Tim Cook hat vor wenigen Jahren Steve Jobs beerbt, als der leider immer von uns ging. Seither steht Cook ein wenig in der Kritik, denn Jobs kann er einfach in vielen Bereichen nicht ersetzen. Doch er kann mindestens genauso harsche Worte für die Konkurrenz finden. So betont er im neuen Interview, wie schwer es eigentlich ist Hardware, Software und andere Dienstleistungen unter einen Hut zu bringen. Apple kann das besonders gut, was den Konzern so speziell macht. Da es aber so schwer ist, hat es ihn nicht gewundert, dass Google das nicht schaffte. Der Verkauf von Motorola war für ihn letzten Endes ein logischer Schritt, da diese Übernahme unterm Strich nicht wirklich Geld einspielen konnte, trotz der unserer Meinung recht netten Geräte.

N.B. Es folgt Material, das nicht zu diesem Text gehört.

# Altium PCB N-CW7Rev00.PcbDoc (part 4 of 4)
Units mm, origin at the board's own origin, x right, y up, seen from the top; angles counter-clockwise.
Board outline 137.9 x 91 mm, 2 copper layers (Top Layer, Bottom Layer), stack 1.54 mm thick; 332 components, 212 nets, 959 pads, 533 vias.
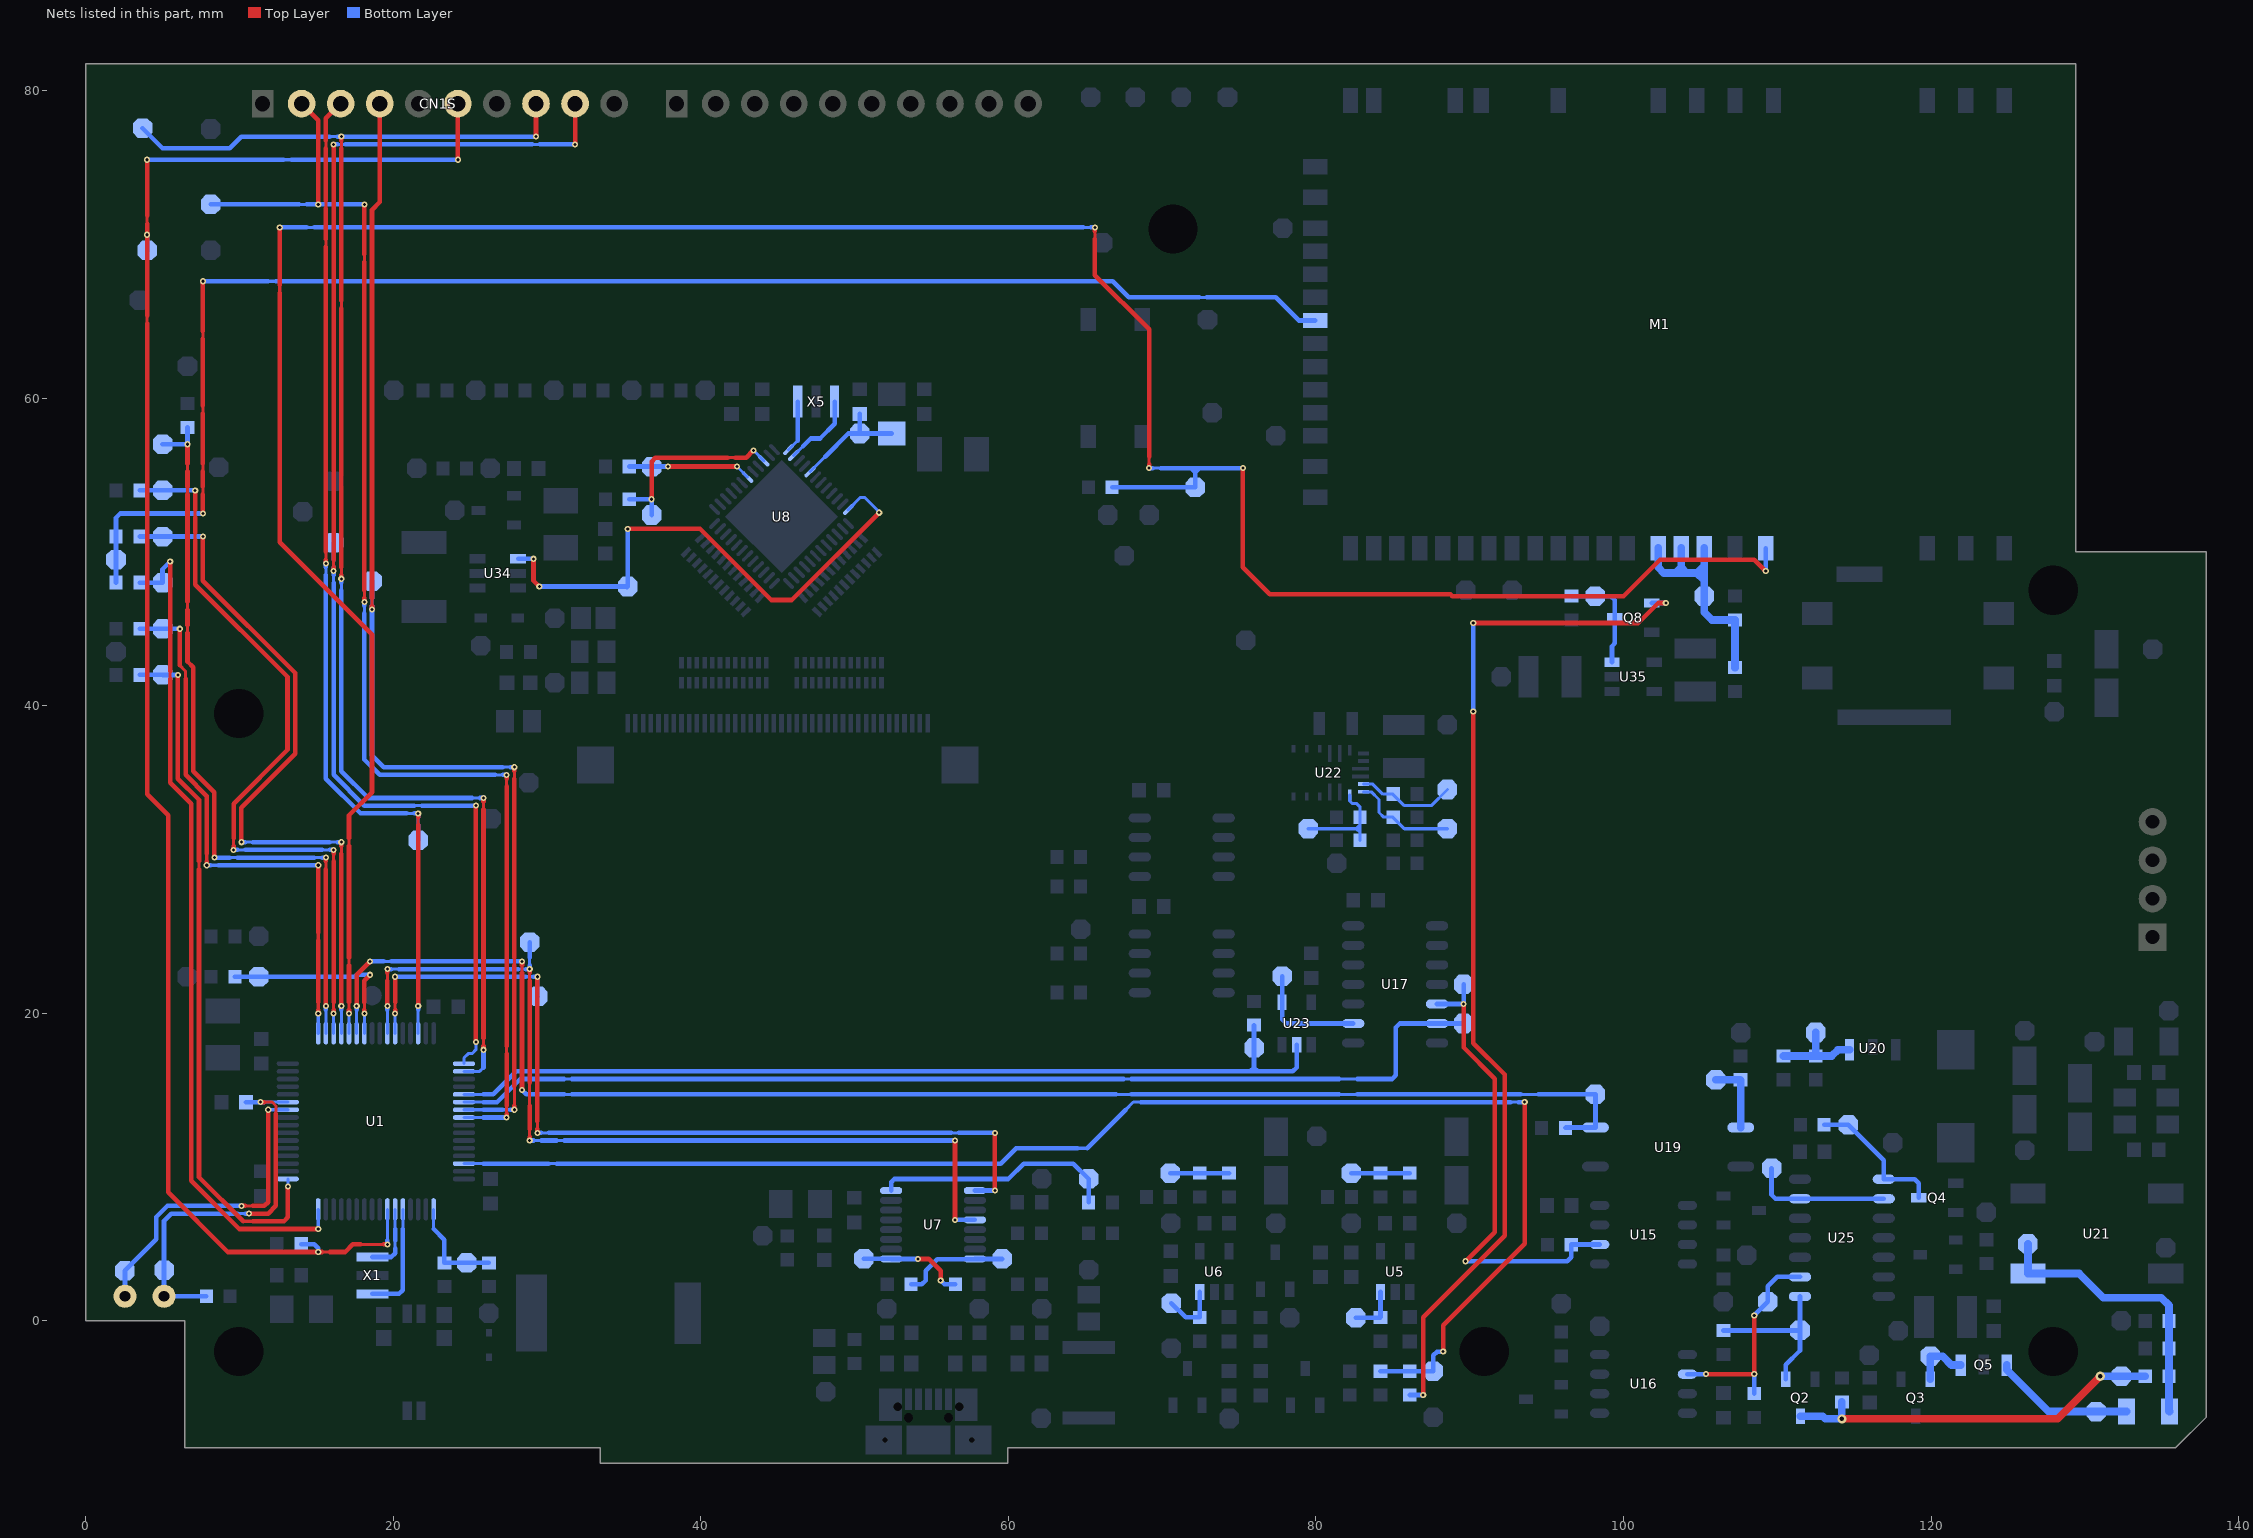
[diagram p4: the nets of this part, all layers, seen from the top]

## Via types
v1: diameter 0.4, hole 0.2, Top Layer to Bottom Layer, tented both sides, 308 vias
v2: diameter 0.8, hole 0.4, Top Layer to Bottom Layer, tented both sides, 104 vias
v3: diameter 0.5, hole 0.2, Top Layer to Bottom Layer, tented both sides, 64 vias
v4: diameter 0.5, hole 0.2, Top Layer to Bottom Layer, 25 vias
v5: diameter 0.6, hole 0.3, Top Layer to Bottom Layer, tented both sides, 20 vias
v6: diameter 1, hole 0.5, Top Layer to Bottom Layer, tented both sides, 12 vias

## Nets (pads, with @x,y where several pads share a name; then routed paths per layer and width w, separated by ;. In a path a pad name is that pad's centre, name@x,y a point inside that pad or via, vN(x,y) a via of type N, cw(c..) or ccw(c..) an arc to the next point about the centre after c; other vN are vias at no path point) (continued)
NetM1_A8: M1.A8 R78.1 R79.1 TP105.1 | length 98.5
  Top Layer w0.2: 7.625,53.75 7.625,54.25 ; 7.625,55.25 7.625,55.75 ; 7.625,59 7.625,59.5 ; 7.625,63.85 7.625,64.35
  Top Layer w0.3: v1(7.625,52.5) 7.625,53.75 ; 7.625,54.25 7.625,55.25 ; 7.625,55.75 7.625,59 ; 7.625,59.5 7.625,63.85 ; 7.625,64.35 v1(7.625,67.6)
  Bottom Layer w0.2: 11.875,67.6 12.375,67.6 ; 72.4,66.55 72.9,66.55
  Bottom Layer w0.3: R78.1@1.975,48 R79.1@1.975,51 1.975,52.225 2.25,52.5 v1(7.625,52.5) ; v1(7.625,67.6) 11.875,67.6 ; 12.375,67.6 13.875,67.6 63.25,67.6 66.775,67.6 67.825,66.55 72.4,66.55 ; 72.9,66.55 77.375,66.55 78.875,65.05 M1.A8@79.95,65.05
NetM1_C14: M1.C14 M1.C15 M1.C16 R104.2 R106.1 TP190.1 | length 17.1
  Bottom Layer w0.5: M1.C14@102.25,50.25 102.25,49 102.625,48.625 103.375,48.625 ; M1.C15@103.75,50.25 103.75,49 ; M1.C16@105.25,50.25 105.25,49.1 ; R106.1@107.25,42.475 R104.2@107.25,45.575 105.75,45.575 105.25,46.075 TP190.1@105.25,47.125 105.25,48.15 ; 103.375,48.625 104.125,48.625 ; 103.375,48.625 103.75,49 ; 103.75,49 104.125,48.625 ; 104.125,48.625 104.775,48.625 ; 104.775,48.625 105.25,48.15 ; 104.775,48.625 105.25,49.1 ; 105.25,48.15 105.25,49.1
NetQ2_1: Q2.1 R77.2 TP150.1 U25.8 | length 10.7
  Bottom Layer w0.3: R77.2@106.5,-0.625 TP150.1@111.475,-0.625 ; Q2.1@110.55,-3.8 110.55,-2.85 111.475,-1.925 TP150.1@111.475,-0.625 ; U25.8@111.475,1.59 TP150.1@111.475,-0.625
NetQ2_3: Q2.3 R72.1 R75.1 TP151.1 | length 24.7
  Top Layer w0.5: v5(114.2,-6.375) 128.225,-6.375 v5(131,-3.6)
  Bottom Layer w0.5: Q2.3@111.5,-6.2 112.95,-6.2 113.125,-6.375 v5(114.2,-6.375) R75.1@114.2,-5.275 ; v5(131,-3.6) TP151.1@132.375,-3.6 R72.1@133.925,-3.6
NetQ3_2: Q3.2 Q5.1 TP153.1 | length 3.7
  Bottom Layer w0.5: Q3.2@119.95,-3.8 TP153.1@119.95,-2.3 120.75,-2.3 121.325,-2.875 Q5.1@121.925,-2.875
NetQ4_3: Q4.3 R69.2 TP148.1 U25.1 | length 9.4
  Bottom Layer w0.3: R69.2@113.05,12.75 TP148.1@114.625,12.75 116.925,10.45 U25.1@116.925,9.21 118.94,9.21 119.2,8.95 Q4.3@119.2,8
NetQ5_3: Q5.3 R76.1 TP187.1 | length 9.2
  Bottom Layer w0.5: Q5.3@124.925,-2.875 124.925,-3.175 127.65,-5.9 TP187.1@130.725,-5.9 R76.1@132.7,-5.9
NetQ8_1: Q8.1 R101.2 | length 68.1
  Top Layer w0.3: v1(86.975,-4.825) 86.975,0.225 92.275,5.525 92.275,16.019 90.231,18.063 v1(90.231,39.619) ; v1(90.231,45.375) 100.95,45.375 102.25,46.675 v1(102.75,46.675)
  Bottom Layer w0.3: R101.2@86.1,-4.825 v1(86.975,-4.825) ; v1(90.231,39.619) v1(90.231,45.375) ; Q8.1@101.825,46.675 v1(102.75,46.675)
NetQ8_3: Q8.3 R100.1 TP188.1 U35.3 | length 7
  Bottom Layer w0.3: R100.1@96.625,47.125 99.175,47.125 99.425,46.875 Q8.3@99.425,45.725 99.425,44.05 99.25,43.875 U35.3@99.25,42.825
NetR1_2: R1.2 R2.1 TP47.1 U1.1 | length 6.7
  Bottom Layer w0.2: 22.625,5.975 U1.1@22.625,7.25
  Bottom Layer w0.3: 22.625,5.975 23.325,5.275 R1.2@23.325,3.775 TP47.1@24.775,3.775 R2.1@26.225,3.775
NetR11_1: R11.1 R12.2 TP73.1 | length 3.8
  Bottom Layer w0.3: TP73.1@82.3,9.6 R12.2@84.2,9.6 R11.1@86.1,9.6
NetR16_1: R16.1 R17.2 TP69.1 | length 3.8
  Bottom Layer w0.3: TP69.1@70.525,9.6 R17.2@72.45,9.6 R16.1@74.35,9.6
NetR19_2: R19.2 TP182.1 U6.3 | length 3.9
  Bottom Layer w0.3: TP182.1@70.6,1.15 71.525,0.225 R19.2@72.45,0.225 U6.3@72.45,1.875
NetR24_1: R24.1 TP64.1 U7.9 | length 7
  Top Layer w0.3: v1(54.125,4.025) 54.825,4.025 55.6,3.25 v1(55.6,2.625)
  Bottom Layer w0.3: TP64.1@50.6,4.05 52.353,4.05 U7.9@52.375,4.028 52.378,4.025 v1(54.125,4.025) ; v1(55.6,2.625) 55.85,2.375 R24.1@56.55,2.375
NetR25_1: R25.1 TP63.1 U7.8 | length 7
  Bottom Layer w0.3: R25.1@53.675,2.375 54.375,2.375 54.625,2.625 54.625,3.25 55.375,4 57.797,4 U7.8@57.825,4.028 57.828,4.025 TP63.1@59.6,4.025
NetR33_1: R33.1 TP81.1 U8.7 | length 8
  Top Layer w0.3: v1(37.875,55.55) v1(42.354,55.55)
  Bottom Layer w0.2: v1(42.354,55.55) U8.7@43.04,54.863
  Bottom Layer w0.3: R33.1@35.35,55.55 v1(37.875,55.55)
NetR34_1: R34.1 TP82.1 U8.10 | length 12.8
  Top Layer w0.2: 41.75,56.125 42.25,56.125
  Top Layer w0.3: v1(36.8,53.425) 36.8,55.875 37.05,56.125 41.75,56.125 ; 42.25,56.125 42.95,56.125 v1(43.425,56.6)
  Bottom Layer w0.2: v1(43.425,56.6) U8.10@44.101,55.924
  Bottom Layer w0.3: R34.1@35.35,53.425 v1(36.8,53.425) TP82.1@36.8,52.4
NetR48_2: R48.2 TP184.1 U22.17 | length 6.5
  Bottom Layer w0.2: U22.17@83.1,34.9 83.7,34.9 84.35,34.25 85,34.25 85.75,33.5 87.5,33.5 TP184.1@88.55,34.55
NetR50_2: R50.2 TP144.1 U15.6 U17.5 | length 31
  Top Layer w0.3: v1(89.6,20.605) 89.6,17.775 91.625,15.75 91.625,5.768 v1(89.732,3.875)
  Bottom Layer w0.3: U17.5@87.875,20.605 v1(89.6,20.605) TP144.1@89.6,21.875 ; v1(89.732,3.875) 96.35,3.875 96.6,4.125 R50.2@96.6,4.95 96.615,4.965 U15.6@98.45,4.965
NetR65_1: R65.1 TP161.1 U19.1 | length 4.7
  Bottom Layer w0.3: R65.1@107.6,15.675 R65.1@107.625,15.65
  Bottom Layer w0.5: TP161.1@106,15.675 R65.1@107.6,15.675 ; U19.1@107.625,12.57 R65.1@107.625,15.65
NetR67_2: R67.2 R68.1 TP162.1 U20.1 | length 6
  Bottom Layer w0.5: R68.1@110.4,17.225 R67.2@112.5,17.225 ; TP162.1@112.5,18.75 R67.2@112.5,17.225 ; U20.1@114.7,17.625 113.95,17.625 113.55,17.225 R67.2@112.5,17.225
NetR70_2: R70.2 TP149.1 U16.6 U25.9 | length 14
  Top Layer w0.3: v1(105.366,-3.465) v1(108.5,-3.465) v1(108.5,0.35)
  Bottom Layer w0.3: U16.6@104.15,-3.465 v1(105.366,-3.465) ; R70.2@108.5,-4.725 v1(108.5,-3.465) ; v1(108.5,0.35) 108.5,0.375 TP149.1@109.375,1.25 109.375,2.25 109.985,2.86 U25.9@111.475,2.86
NetR72_2: R72.2 R73.2 R74.2 R76.2 TP154.1 U21.1 | length 18.9
  Bottom Layer w0.5: TP154.1@126.3,5 U21.1@126.3,3.075 129.625,3.075 131.2,1.5 134.975,1.5 135.475,1 R73.2@135.475,0 R74.2@135.475,-1.8 R72.2@135.475,-3.6 135.475,-5.875 R76.2@135.5,-5.9
NetR94_2: R94.2 R95.1 TP186.1 U22.1 | length 7.5
  Bottom Layer w0.2: TP186.1@79.5,32 82.625,32 ; U22.1@82.2,34.2 82.2,33.8 82.35,33.65 82.625,33.65 82.875,33.4 R95.1@82.875,32.75 82.875,32.25 ; R94.2@82.875,31.25 82.875,31.75 ; 82.625,32 82.875,32 ; 82.625,32 82.875,31.75 ; 82.625,32 82.875,32.25 ; 82.875,31.75 82.875,32 ; 82.875,32 82.875,32.25
NetR96_2: R96.2 TP185.1 U22.18 | length 6.9
  Bottom Layer w0.2: U22.18@83.1,34.4 83.6,34.4 84.1,33.9 84.1,33.05 84.4,32.75 85,32.75 85.75,32 TP185.1@88.55,32
NetR99_2: R99.2 TP183.1 U5.3 | length 3.3
  Bottom Layer w0.3: TP183.1@82.6,0.2 84.175,0.2 R99.2@84.2,0.225 U5.3@84.2,1.875
NetR103_2: R103.2 TP87.1 U1.39 | length 12.8
  Top Layer w0.2: 18.125,20.225 18.125,20.725
  Top Layer w0.3: v1(18.125,19.975) 18.125,20.225 ; 18.125,20.725 18.125,22.125 v1(18.5,22.5)
  Bottom Layer w0.2: U1.39@18.125,18.7 v1(18.125,19.975)
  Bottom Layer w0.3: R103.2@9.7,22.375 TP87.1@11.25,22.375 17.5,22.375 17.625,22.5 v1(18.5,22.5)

Auch über Android-Tablets musste Cook nochmals kurz lästern. Allerdings ist seine Meinung zum Thema durchaus nachvollziehbar und bis heute einer der größten Kritikpunkte an Android-Tablets. Während Mac OS im damaligen Kampf gegen Windows vor allem aufgrund der fehlenden Anwendungen auf Dauer den Kürzeren zog, ist genau dieser Fakt bei Tablets zur heutigen Zeit umgedreht. Während Apple über eine halbe Million auf das iPad zugeschnittene Apps anbietet, gibt es für Android-Tablets nur ca. 1.000 Apps, so Cook. In der Regel handelt es sich um nur um gestreckte Smartphone-Apps, was auch der Grund für die so beschi**ene Nutzererfahrung mit Android-Tablets ist.

Was meint ihr, hat Timmy recht?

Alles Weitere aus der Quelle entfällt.